Training vs. Fine-tuning
CUSO WS on Large Language Models
large language models, transfer learning, pre-training, fine-tuning, nlp
Understanding LLM Training
Modern LLMs are developed through a two-stage process: pre-training, which builds foundational language understanding, and fine-tuning, which adapts this foundation for specific tasks. This brief overview explains how each stage works and why this approach has proven so effective.

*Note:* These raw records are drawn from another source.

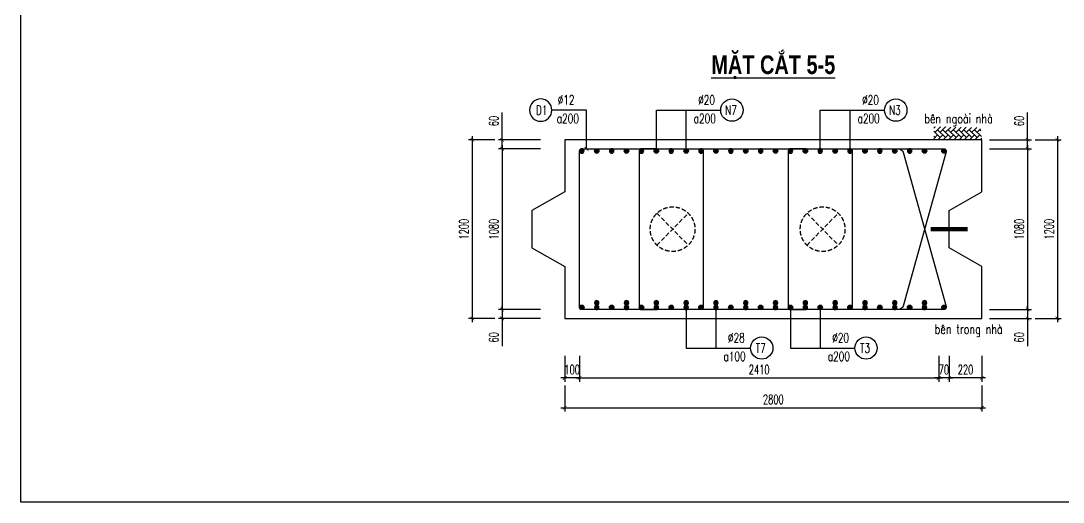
# Model space of a CAD drawing. Header units: millimetres. Extents: x -143570 to 58447, y -1448440 to -1202244.
# Drawn here: x -25653 to 2328, y -1356105 to -1343167 of the extents above; entities that cross this region are included whole.
import ezdxf
from ezdxf.enums import TextEntityAlignment as Align

# ---------------------------------------------------------------- set-up
doc = ezdxf.new("R2010")
doc.units = ezdxf.units.MM
doc.header["$LTSCALE"] = 30
doc.header["$PDMODE"] = 3
doc.linetypes.add('DASHED', pattern=[19.05, 12.7, -6.35])
doc.layers.get('0').update_dxf_attribs({"lineweight": 9})
doc.layers.get('Defpoints').update_dxf_attribs({"lineweight": 9})
for name, color, linetype in [('ccu11-Cotthep', 9, 'Continuous'), ('ccu11-Dim', 8, 'Continuous'), ('ccu11-Hatch', 8, 'Continuous'), ('ccu11-Text', 31, 'Continuous'), ('ccu11-Thay', 7, 'Continuous'), ('ccu11-Thep', 4, 'Continuous'), ('ccu11-Thep doc', 4, 'Continuous'), ('ccu11-Thepdai', 6, 'Continuous')]:
    doc.layers.add(name, color=color, linetype=linetype)
doc.layers.add('ccu11-Khuat', color=9, linetype='DASHED', lineweight=30)
doc.layers.add('Vicom_thep doc', color=1, linetype='Continuous', lineweight=35)
doc.styles.add('ccu11-dim', font='vnsimli.shx', dxfattribs={"width": 0.65, "bigfont": 'bigfont.shx'})
doc.styles.add('ccu11-VnAvH-B', font='')
doc.styles.add('ccu11-vnsimli', font='vnsimli.shx', dxfattribs={"width": 0.8, "bigfont": 'vns.shx'})
doc.styles.add('ccu11-vnsimple', font='vnsimple.shx', dxfattribs={"bigfont": 'bigfont.shx'})
doc.styles.add('ccu11_simli', font='vnsimli.shx', dxfattribs={"width": 0.8})
doc.styles.get('ccu11-VnAvH-B').set_extended_font_data('.VnAvantH', bold=True)
doc.dimstyles.new('ccu11-100', dxfattribs={"dimscale": 100, "dimtxt": 2.5, "dimasz": 1, "dimexe": 1, "dimexo": 2, "dimgap": 1, "dimtad": 1, "dimdec": 0, "dimdsep": 46, "dimtxsty": 'ccu11-dim', "dimblk": 'ARCHTICK', "dimcen": -1, "dimdle": 1, "dimclrd": 256, "dimclre": 256, "dimclrt": 3, "dimadec": 0, "dimazin": 2, "dimtfac": 0.1, "dimtdec": 0, "dimtmove": 0, "dimatfit": 1, "dimldrblk": 'ARCHTICK', "dimfxl": 1, "dimtvp": 0.833333, "dimtolj": 1, "dimtzin": 12, "dimarcsym": 0})
doc.dimstyles.new('ccu11-100x4', dxfattribs={"dimscale": 100, "dimtxt": 2.5, "dimasz": 1, "dimexe": 1, "dimexo": 2, "dimgap": 1, "dimtad": 1, "dimdec": 0, "dimlfac": 0.25, "dimdsep": 46, "dimtxsty": 'ccu11-dim', "dimblk": 'ARCHTICK', "dimcen": -1, "dimdle": 1, "dimclrd": 256, "dimclre": 256, "dimclrt": 3, "dimadec": 0, "dimazin": 2, "dimtfac": 0.1, "dimtdec": 0, "dimtmove": 0, "dimatfit": 1, "dimldrblk": 'ARCHTICK', "dimfxl": 1, "dimtvp": 0.833333, "dimtolj": 1, "dimtzin": 12, "dimarcsym": 0})

# ---------------------------------------------------------------- blocks, each defined once
blk = doc.blocks.new('MCT')
at = {"ltscale": 0.005}
for p, q in [((-0.49, 0), (0.49, 0)), ((0.35, -0.35), (-0.35, 0.35)), ((-0.35, -0.35), (0.35, 0.35)), ((0, -0.49), (0, 0.49))]:
    blk.add_line(p, q, dxfattribs=at)
blk.add_circle((0, 0), 0.492, dxfattribs=at)
blk = doc.blocks.new('*U498')
at = {"layer": 'ccu11-Thep doc', "xscale": -121.9200000001001, "yscale": 121.9200000001001, "zscale": 121.92, "rotation": 270}
blk.add_blockref('MCT', (0, 0), dxfattribs=at)
blk = doc.blocks.new('*U499')
at = {"layer": 'ccu11-Thep doc', "color": 0, "linetype": 'ByBlock', "lineweight": -2, "transparency": 16777216}
for p in [(0, 0), (800, 0), (1600, 0), (2400, 0), (3200, 0), (4000, 0), (4800, 0), (5600, 0), (6400, 0), (7200, 0), (8000, 0), (8800, 0)]:
    blk.add_blockref('*U498', p, dxfattribs=at)
blk = doc.blocks.new('*U500')
at = {"layer": 'ccu11-Thep doc', "xscale": -121.9200000001001, "yscale": 121.9200000001001, "zscale": 121.92, "rotation": 270}
blk.add_blockref('MCT', (0, 0), dxfattribs=at)
blk = doc.blocks.new('*U501')
at = {"layer": 'ccu11-Thep doc', "color": 0, "linetype": 'ByBlock', "lineweight": -2, "transparency": 16777216}
for p in [(0, 0), (800, 0), (1600, 0), (2400, 0), (3200, 0), (4000, 0), (4800, 0), (5600, 0), (6400, 0), (7200, 0), (8000, 0), (8800, 0)]:
    blk.add_blockref('*U500', p, dxfattribs=at)
blk = doc.blocks.new('_ARCHTICK')
at = {"color": 0, "linetype": 'ByBlock', "const_width": 0.15}
blk.add_lwpolyline([(-0.5, -0.5), (0.5, 0.5)], dxfattribs=at)
blk = doc.blocks.new('*D578')
at = {"layer": 'ccu11-Dim', "linetype": 'ByBlock', "lineweight": -2, "ltscale": 30, "transparency": 16777216}
for p, q in [((-12733, -1346367), (-12733, -1345628)), ((-11704, -1346367), (-12833, -1346367)), ((-12733, -1346607), (-12733, -1346367)), ((-11704, -1346607), (-12833, -1346607)), ((-12733, -1346607), (-12733, -1346707))]:
    blk.add_line(p, q, dxfattribs=at)
at = {"layer": 'Defpoints', "color": 0, "linetype": 'ByBlock', "ltscale": 30, "transparency": 16777216}
for p in [(-11504, -1346367), (-12733, -1346607), (-11504, -1346607)]:
    blk.add_point(p, dxfattribs=at)
at = {"layer": 'ccu11-Dim', "linetype": 'ByBlock', "lineweight": -2, "ltscale": 30, "transparency": 16777216, "xscale": 100, "yscale": 100, "zscale": 100}
for p, rotation in [((-12733, -1346367), 270), ((-12733, -1346607), 90)]:
    blk.add_blockref('_ARCHTICK', p, dxfattribs=dict(at, rotation=rotation))
at = {"layer": 'ccu11-Dim', "color": 3, "linetype": 'ByBlock', "ltscale": 30, "transparency": 16777216, "insert": (-12958, -1345859), "char_height": 250, "attachment_point": 5, "rotation": 90, "style": 'ccu11-dim'}
blk.add_mtext('\\A1;60', dxfattribs=at)
blk = doc.blocks.new('*D579')
at = {"layer": 'ccu11-Dim', "linetype": 'ByBlock', "lineweight": -2, "ltscale": 30, "transparency": 16777216}
for p, q in [((-11704, -1346607), (-12833, -1346607)), ((-12733, -1346507), (-12733, -1351027)), ((-11704, -1350927), (-12833, -1350927))]:
    blk.add_line(p, q, dxfattribs=at)
at = {"layer": 'Defpoints', "color": 0, "linetype": 'ByBlock', "ltscale": 30, "transparency": 16777216}
for p in [(-11504, -1346607), (-12733, -1350927), (-11504, -1350927)]:
    blk.add_point(p, dxfattribs=at)
at = {"layer": 'ccu11-Dim', "linetype": 'ByBlock', "lineweight": -2, "ltscale": 30, "transparency": 16777216, "xscale": 100, "yscale": 100, "zscale": 100}
for p, rotation in [((-12733, -1346607), 90), ((-12733, -1350927), 270)]:
    blk.add_blockref('_ARCHTICK', p, dxfattribs=dict(at, rotation=rotation))
at = {"layer": 'ccu11-Dim', "color": 3, "linetype": 'ByBlock', "ltscale": 30, "transparency": 16777216, "insert": (-12958, -1348767), "char_height": 250, "attachment_point": 5, "rotation": 90, "style": 'ccu11-dim'}
blk.add_mtext('\\A1;1080', dxfattribs=at)
blk = doc.blocks.new('*D580')
at = {"layer": 'ccu11-Dim', "linetype": 'ByBlock', "lineweight": -2, "ltscale": 30, "transparency": 16777216}
for p, q in [((-12733, -1350927), (-12733, -1350827)), ((-11704, -1350927), (-12833, -1350927)), ((-11704, -1351167), (-12833, -1351167)), ((-12733, -1350927), (-12733, -1351167)), ((-12733, -1351167), (-12733, -1351907))]:
    blk.add_line(p, q, dxfattribs=at)
at = {"layer": 'Defpoints', "color": 0, "linetype": 'ByBlock', "ltscale": 30, "transparency": 16777216}
for p in [(-12733, -1350927), (-11504, -1350927), (-11504, -1351167)]:
    blk.add_point(p, dxfattribs=at)
at = {"layer": 'ccu11-Dim', "linetype": 'ByBlock', "lineweight": -2, "ltscale": 30, "transparency": 16777216, "xscale": 100, "yscale": 100, "zscale": 100}
for p, rotation in [((-12733, -1350927), 270), ((-12733, -1351167), 90)]:
    blk.add_blockref('_ARCHTICK', p, dxfattribs=dict(at, rotation=rotation))
at = {"layer": 'ccu11-Dim', "color": 3, "linetype": 'ByBlock', "ltscale": 30, "transparency": 16777216, "insert": (-12958, -1351675), "char_height": 250, "attachment_point": 5, "rotation": 90, "style": 'ccu11-dim'}
blk.add_mtext('\\A1;60', dxfattribs=at)
blk = doc.blocks.new('*D581')
at = {"layer": 'ccu11-Dim', "linetype": 'ByBlock', "lineweight": -2, "ltscale": 30, "transparency": 16777216}
for p, q in [((-12933, -1346367), (-13633, -1346367)), ((-13533, -1346267), (-13533, -1351267)), ((-12933, -1351167), (-13633, -1351167))]:
    blk.add_line(p, q, dxfattribs=at)
at = {"layer": 'Defpoints', "color": 0, "linetype": 'ByBlock', "ltscale": 30, "transparency": 16777216}
for p in [(-12733, -1346367), (-13533, -1351167), (-12733, -1351167)]:
    blk.add_point(p, dxfattribs=at)
at = {"layer": 'ccu11-Dim', "linetype": 'ByBlock', "lineweight": -2, "ltscale": 30, "transparency": 16777216, "xscale": 100, "yscale": 100, "zscale": 100}
for p, rotation in [((-13533, -1346367), 90), ((-13533, -1351167), 270)]:
    blk.add_blockref('_ARCHTICK', p, dxfattribs=dict(at, rotation=rotation))
at = {"layer": 'ccu11-Dim', "color": 3, "linetype": 'ByBlock', "ltscale": 30, "transparency": 16777216, "insert": (-13758, -1348767), "char_height": 250, "attachment_point": 5, "rotation": 90, "style": 'ccu11-dim'}
blk.add_mtext('\\A1;1200', dxfattribs=at)
blk = doc.blocks.new('*D582')
at = {"layer": 'ccu11-Dim', "linetype": 'ByBlock', "lineweight": -2, "ltscale": 30, "transparency": 16777216}
for p, q in [((-733, -1352167), (-733, -1352867)), ((147, -1352167), (147, -1352867)), ((247, -1352767), (-833, -1352767))]:
    blk.add_line(p, q, dxfattribs=at)
at = {"layer": 'Defpoints', "color": 0, "linetype": 'ByBlock', "ltscale": 30, "transparency": 16777216}
for p in [(-733, -1351967), (147, -1351967), (-733, -1352767)]:
    blk.add_point(p, dxfattribs=at)
at = {"layer": 'ccu11-Dim', "linetype": 'ByBlock', "lineweight": -2, "ltscale": 30, "transparency": 16777216, "xscale": 100, "yscale": 100, "zscale": 100, "rotation": 180}
blk.add_blockref('_ARCHTICK', (-733, -1352767), dxfattribs=at)
at = {"layer": 'ccu11-Dim', "linetype": 'ByBlock', "lineweight": -2, "ltscale": 30, "transparency": 16777216, "xscale": 100, "yscale": 100, "zscale": 100}
blk.add_blockref('_ARCHTICK', (147, -1352767), dxfattribs=at)
at = {"layer": 'ccu11-Dim', "color": 3, "linetype": 'ByBlock', "ltscale": 30, "transparency": 16777216, "insert": (-293, -1352542), "char_height": 250, "attachment_point": 5, "style": 'ccu11-dim'}
blk.add_mtext('\\A1;220', dxfattribs=at)
blk = doc.blocks.new('*D583')
at = {"layer": 'ccu11-Dim', "linetype": 'ByBlock', "lineweight": -2, "ltscale": 30, "transparency": 16777216}
for p, q in [((-11053, -1352967), (-11053, -1353667)), ((147, -1352967), (147, -1353667)), ((-11153, -1353567), (247, -1353567))]:
    blk.add_line(p, q, dxfattribs=at)
at = {"layer": 'Defpoints', "color": 0, "linetype": 'ByBlock', "ltscale": 30, "transparency": 16777216}
for p in [(-11053, -1352767), (147, -1352767), (147, -1353567)]:
    blk.add_point(p, dxfattribs=at)
at = {"layer": 'ccu11-Dim', "linetype": 'ByBlock', "lineweight": -2, "ltscale": 30, "transparency": 16777216, "xscale": 100, "yscale": 100, "zscale": 100, "rotation": 180}
blk.add_blockref('_ARCHTICK', (-11053, -1353567), dxfattribs=at)
at = {"layer": 'ccu11-Dim', "linetype": 'ByBlock', "lineweight": -2, "ltscale": 30, "transparency": 16777216, "xscale": 100, "yscale": 100, "zscale": 100}
blk.add_blockref('_ARCHTICK', (147, -1353567), dxfattribs=at)
at = {"layer": 'ccu11-Dim', "color": 3, "linetype": 'ByBlock', "ltscale": 30, "transparency": 16777216, "insert": (-5453, -1353342), "char_height": 250, "attachment_point": 5, "style": 'ccu11-dim'}
blk.add_mtext('\\A1;2800', dxfattribs=at)
blk = doc.blocks.new('*D584')
at = {"layer": 'ccu11-Dim', "linetype": 'ByBlock', "lineweight": -2, "ltscale": 30, "transparency": 16777216}
for p, q in [((-1013, -1352167), (-1013, -1352867)), ((-733, -1352167), (-733, -1352867)), ((-1013, -1352767), (-1113, -1352767)), ((-733, -1352767), (-1013, -1352767)), ((-733, -1352767), (-633, -1352767))]:
    blk.add_line(p, q, dxfattribs=at)
at = {"layer": 'Defpoints', "color": 0, "linetype": 'ByBlock', "ltscale": 30, "transparency": 16777216}
for p in [(-1013, -1351967), (-733, -1351967), (-1013, -1352767)]:
    blk.add_point(p, dxfattribs=at)
at = {"layer": 'ccu11-Dim', "linetype": 'ByBlock', "lineweight": -2, "ltscale": 30, "transparency": 16777216, "xscale": 100, "yscale": 100, "zscale": 100}
blk.add_blockref('_ARCHTICK', (-1013, -1352767), dxfattribs=at)
at = {"layer": 'ccu11-Dim', "linetype": 'ByBlock', "lineweight": -2, "ltscale": 30, "transparency": 16777216, "xscale": 100, "yscale": 100, "zscale": 100, "rotation": 180}
blk.add_blockref('_ARCHTICK', (-733, -1352767), dxfattribs=at)
at = {"layer": 'ccu11-Dim', "color": 3, "linetype": 'ByBlock', "ltscale": 30, "transparency": 16777216, "insert": (-873, -1352542), "char_height": 250, "attachment_point": 5, "style": 'ccu11-dim'}
blk.add_mtext('\\A1;70', dxfattribs=at)
blk = doc.blocks.new('*D585')
at = {"layer": 'ccu11-Dim', "linetype": 'ByBlock', "lineweight": -2, "ltscale": 30, "transparency": 16777216}
for p, q in [((-10653, -1352167), (-10653, -1352867)), ((-1013, -1352167), (-1013, -1352867)), ((-10753, -1352767), (-913, -1352767))]:
    blk.add_line(p, q, dxfattribs=at)
at = {"layer": 'Defpoints', "color": 0, "linetype": 'ByBlock', "ltscale": 30, "transparency": 16777216}
for p in [(-10653, -1351967), (-1013, -1351967), (-1013, -1352767)]:
    blk.add_point(p, dxfattribs=at)
at = {"layer": 'ccu11-Dim', "linetype": 'ByBlock', "lineweight": -2, "ltscale": 30, "transparency": 16777216, "xscale": 100, "yscale": 100, "zscale": 100, "rotation": 180}
blk.add_blockref('_ARCHTICK', (-10653, -1352767), dxfattribs=at)
at = {"layer": 'ccu11-Dim', "linetype": 'ByBlock', "lineweight": -2, "ltscale": 30, "transparency": 16777216, "xscale": 100, "yscale": 100, "zscale": 100}
blk.add_blockref('_ARCHTICK', (-1013, -1352767), dxfattribs=at)
at = {"layer": 'ccu11-Dim', "color": 3, "linetype": 'ByBlock', "ltscale": 30, "transparency": 16777216, "insert": (-5833, -1352542), "char_height": 250, "attachment_point": 5, "style": 'ccu11-dim'}
blk.add_mtext('\\A1;2410', dxfattribs=at)
blk = doc.blocks.new('*D586')
at = {"layer": 'ccu11-Dim', "linetype": 'ByBlock', "lineweight": -2, "ltscale": 30, "transparency": 16777216}
for p, q in [((-11053, -1352167), (-11053, -1352867)), ((-10653, -1352167), (-10653, -1352867)), ((-11053, -1352767), (-11153, -1352767)), ((-10653, -1352767), (-11053, -1352767)), ((-10653, -1352767), (-10553, -1352767))]:
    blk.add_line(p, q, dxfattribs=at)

Pre-training: Building Foundation Models
Pre-training is the computationally intensive first stage where models learn the fundamental structure and patterns of language. This process involves training on massive text corpora—often hundreds of billions or trillions of tokens drawn from books, websites, academic papers, and other text sources. To use a metaphor, pre-training is like teaching a child the basic rules of language.
The Masked Language Modeling Objective
The core mechanism of pre-training is masked language modeling (MLM), also known as masked token prediction. During training, the model receives text sequences where certain tokens have been randomly masked or hidden. A token typically represents a word, subword, or punctuation mark—the basic units into which text is divided for processing.
For example, given the sentence “The researcher analyzed the survey data carefully,” the training process might mask it as “The researcher [MASK] the survey [MASK] carefully.” The model must predict the original tokens (“analyzed” and “data”) based on the surrounding context. This requires understanding syntax (what types of words can appear in each position), semantics (what makes sense given the context), and world knowledge (what researchers typically do with survey data).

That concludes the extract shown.